Well known in a multiverse branch where Fable was a dud?

  • No, well known in the current multiverse branch where we still occasionally use things like math and scientific analysis instead of people’s vibe checks and pelican SVGs.

    Here’s the paper from OpenAI where Dario himself was a co-author: https://arxiv.org/pdf/2001.08361

    > We have observed consistent scalings of language model log-likelihood loss with non-embedding parameter count N, dataset size D, and optimized training computation Cmin, as encapsulated in Equations (1.5) and (1.6). Conversely, we find very weak dependence on many architectural and optimization hyperparameters. Since scalings with N,D,Cmin are power-laws, there are diminishing returns with increasing scale.

    • instead of people’s vibe checks and pelican SVGs.

      Right, what happened is everyone went to Fable and asked it to make the very best bicycle pelican SVG, no mistakes. And Fable's bicycle pelican SVGs were such timeless masterpieces, we all instantly got AI psychosis. Happily, you were immune to this.

#2 is not that surprising from first principles if the way you made the bigger model was by feeding it poorer quality training data because it’s the only way you can get enough

Yeah #2 may be incidental. Suppose one lab focused on bigger, and another on reinforcement training geared towards factual accuracy over sycophancy. You could easily wind up with a model from the second lab that is less powerful but more accurate.
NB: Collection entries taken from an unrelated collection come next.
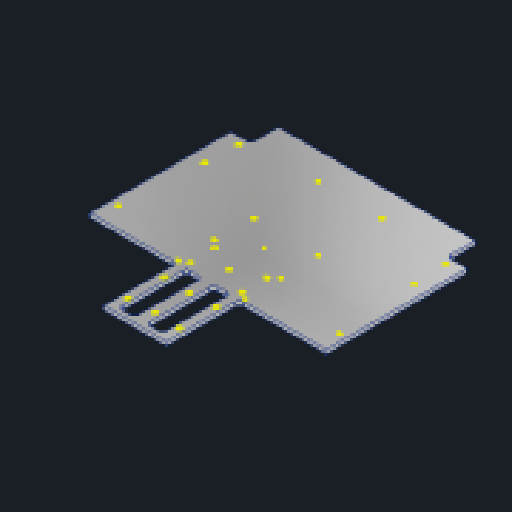
# Autodesk Inventor part: base
Saved by Autodesk Inventor 2023 (Build 270158000, 158)
## iProperties
Created: 2024-04-10
Part Number: base
Material: Aluminum 6061
Document SubType Name: Modeling
Designer: szymo
Density: 2.7 g/cm^3
Appearance: Aluminum - Flat
Mass: 138.037 g
Surface Area: 408.524 cm^2
Volume: 51.1249 cm^3
Author: szymo
Autodesk Inventor part; units mm, degrees
ref_plane "YZ Plane" through (0, 0, 0) normal (1, 0, 0) x (0, 1, 0)
ref_plane "XZ Plane" through (0, 0, 0) normal (0, 1, 0) x (-1, 0, 0)
ref_plane "XY Plane" through (0, 0, 0) normal (0, 0, 1) x (1, 0, 0)
sketch "Sketch2" plane through (0, 0, 0) normal (0, 1, 0) x (-1, 0, 0)
  line L0 (-89, 99) -> (89, 99)
  line L1 (89, 99) -> (89, -99)
  line L2 (89, -99) -> (-89, -99)
  line L3 (-89, -99) -> (-89, 99)
  line L4 (-89, 99) -> (89, -99) construction
  line L5 (89, 99) -> (-89, -99) construction
  line L6 (-89, 99) -> (89, 99)
  line L7 (89, 99) -> (89, -85)
  line L8 (89, -85) -> (-89, -85)
  line L9 (-89, -85) -> (-89, 99)
  line L10 (-4.5, 99) -> (-89, 99)
  line L11 (-89, 99) -> (-89, 42)
  line L12 (-89, 42) -> (-4.5, 42)
  line L13 (-4.5, 42) -> (-4.5, 99)
  line L14 (4.5, 99) -> (89, 99)
  line L15 (89, 99) -> (89, 42)
  line L16 (89, 42) -> (4.5, 42)
  line L17 (4.5, 42) -> (4.5, 99)
  line L18 (22.5, 77.5) -> (22.5, 66.5) projected
  line L19 (16.5, 66.5) -> (16.5, 77.5) projected
  line L20 (-22.5, 66.5) -> (-22.5, 77.5) projected
  line L21 (-16.5, 77.5) -> (-16.5, 66.5) projected
  line L22 (-23.5, 99) -> (-16.5, 99)
  line L23 (-16.5, 99) -> (-16.5, 42)
  line L24 (-16.5, 42) -> (-23.5, 42)
  line L25 (-23.5, 42) -> (-23.5, 99)
  line L26 (16.5, 99) -> (23.5, 99)
  line L27 (23.5, 99) -> (23.5, 42)
  line L28 (23.5, 42) -> (16.5, 42)
  line L29 (16.5, 42) -> (16.5, 99)
  line L30 (-89, 99) -> (89, 99)
  line L31 (89, 99) -> (89, 97)
  line L32 (89, 97) -> (-89, 97)
  line L33 (-89, 97) -> (-89, 99)
  line L34 (89, -85) -> (74, -85)
  line L35 (74, -85) -> (74, -64)
  line L36 (74, -64) -> (89, -64)
  line L37 (89, -64) -> (89, -85)
  line L38 (-89, -85) -> (-74, -85)
  line L39 (-74, -85) -> (-74, -64)
  line L40 (-74, -64) -> (-89, -64)
  line L41 (-89, -64) -> (-89, -85)
  line L42 (16.5, 97) -> (-16.5, 97)
  line L43 (-16.5, 97) -> (-16.5, 93)
  line L44 (-16.5, 93) -> (16.5, 93)
  line L45 (16.5, 93) -> (16.5, 97)
  line L46 (-84.4, -75) -> (-84.4, -71.5) projected
  line L47 (-84.4, -71.5) -> (-87, -71.5) projected
  line L48 (-87, -71.5) -> (-87, -75) projected
  line L49 (-87, -75) -> (-84.4, -75) projected
  line L50 (-79.6, -75) -> (-77, -75) projected
  line L51 (-77, -75) -> (-77, -71.5) projected
  line L52 (-77, -71.5) -> (-79.6, -71.5) projected
  line L53 (-79.6, -71.5) -> (-79.6, -75) projected
  line L54 (-75, -78) -> (-89, -78) projected
  line L55 (-89, -78) -> (-89, -63) projected
  line L56 (-89, -63) -> (-75, -63) projected
  line L57 (-75, -63) -> (-75, -78) projected
  circle A0 centre (-80.45, -67.25) radius 1.25 projected
  point P0 (0, 0)
  point P1 (4.5, 99)
  point P2 (-4.5, 99)
  point P3 (-89, 42)
  point P4 (89, 42)
  point P5 (4.5, 97)
  point P6 (-4.5, 97)
  point P7 (-16.5, 97)
  point P8 (-23.5, 97)
  point P9 (23.5, 97)
  point P10 (16.5, 98)
  point P11 (-4.5, 93)
  point P12 (4.5, 93)
  point P13 (16.5, 93)
  dimension "d8" = 178
  dimension "d9" = 198
  dimension "d10" = 14
  dimension "d11" = 84.5
  dimension "d13" = 84.5
  dimension "d17" = 9
  dimension "d18" = 2
  dimension "d19" = 15
  dimension "d20" = 21
  dimension "d21" = 15
  dimension "d22" = 21
  dimension "d75" = 55
  dimension "d76" = 55
  dimension "d77" = 7
  dimension "d78" = 7
  dimension "d79" = 4
  constraints: 84 end point, 20 parallel, 10 horizontal, 10 perpendicular, 10 point on line, 2 collinear, 2 midpoint, 5 other
  measures "d8" distance of L1.end L2.end
  measures "d9" distance of L0.end L1.end
  measures "d10" distance between parallel lines of L8 L2
  measures "d11" distance of L12.end L11.end
  measures "d13" distance of L15.end L16.end
  measures "d17" distance between parallel lines of L13 L17
  measures "d18" distance of L30.end L31.end
  measures "d19" distance of L35.end L36.end
  measures "d20" distance of L34.end L35.end
  measures "d21" distance of L40.end L39.end
  measures "d22" distance of L39.end L38.end
  measures "d75" distance between parallel lines of L32 L12
  measures "d76" distance between parallel lines of L32 L16
  measures "d77" distance between parallel lines of L23 L25
  measures "d78" distance between parallel lines of L27 L29
  measures "d79" distance of L43.end L42.end
extrude "Extrusion2" add sketch "Sketch2" along normal blind 3 contours L32 L23 L21 L12 L25 | L12 L13 L44 L17 L16 L1 L36 L35 L8 L39 L40 L57 L56 L3 | L32 L13 L44 L23 | L56 L57 L40 L3 | L32 L17 L44 L13 | L32 L29 L44 L17 | L32 L27 L16 L29 L19
fillet "Fillet5" radius 3 12 edges at (-16.5, 1.5, 42) (-4.5, 1.5, 42) (-23.5, 1.5, 42) (16.5, 1.5, 42) (-16.5, 1.5, 93) (-4.5, 1.5, 93) (4.5, 1.5, 93) (16.5, 1.5, 93) (4.5, 1.5, 42) (23.5, 1.5, 42) (74, 1.5, -64) (-74, 1.5, -64)
sketch "Sketch6" plane through (0, 3, 0) normal (0, 1, 0) x (1, 0, 0)
  circle A0 centre (79, 33.8889) radius 1.8 projected
  circle A1 centre (78, 58.6725) radius 1.8 projected
  circle A2 centre (-78, 58.6725) radius 1.8 projected
  circle A3 centre (-79, 33.8889) radius 1.8 projected
  circle A4 centre (-25, -39.7) radius 1.5 projected
  circle A5 centre (-25, -12.55) radius 1.5 projected
  circle A6 centre (-83.35, -26.625) radius 1.5 projected
  circle A7 centre (25, -12.55) radius 1.5 projected
  circle A8 centre (25, -39.7) radius 1.5 projected
  circle A9 centre (83.35, -26.625) radius 1.5 projected
  circle A10 centre (19.5, -17.75) radius 1.8 projected
  circle A11 centre (19.5, -36.375) radius 1.8 projected
  circle A12 centre (19.5, -55.8) radius 1.8 projected
  circle A13 centre (19.4231, -83.3077) radius 1.8 projected
  circle A14 centre (0, -82.2) radius 1.8 projected
  circle A15 centre (-19.4231, -83.3077) radius 1.8 projected
  circle A16 centre (-19.5, -55.8) radius 1.8 projected
  circle A17 centre (0, -56.55) radius 1.8 projected
  circle A18 centre (0, -26.625) radius 1.8 projected
  circle A19 centre (-19.5, -17.75) radius 1.8 projected
  circle A20 centre (-19.5, -36.375) radius 1.8 projected
  circle A21 centre (24.1, 16.4) radius 1.6 projected
  circle A22 centre (24.1, 64.6) radius 1.6 projected
  circle A23 centre (-24.1, 64.6) radius 1.6 projected
  circle A24 centre (-24.1, 16.4) radius 1.6 projected
  point P0 (0, 0)
equation "\"d11\" = d13"
body "Solid2"

I can’t prove it but I suspect there’s a bit of that going on.

  • I think one problem is that the models that hallucinate often, a few times out of 8 or 16 so that they get good results on benchmarks, most of which measures success out of top k. From benchmark perspective, you don't really care whether 15 of yours 16 generations failed, as long as one succeeded, but as a user you mostly care that 1 out of 16 you get is actually the successful one. I think this effects is more easy to see on Gemini Flash, it hallucinates like crazy but looks like its by design to boost benchmarks.

    • > it hallucinates like crazy but looks like its by design to boost benchmarks.

      Wasn’t there a discussion around some new-ish benchmark _punishing_ hallucination answers (over not replying at all) recently? Maybe in the not-so-distant future, this “spam replies until one’s correct” strategy won’t be able to game a benchmark much at all anymore.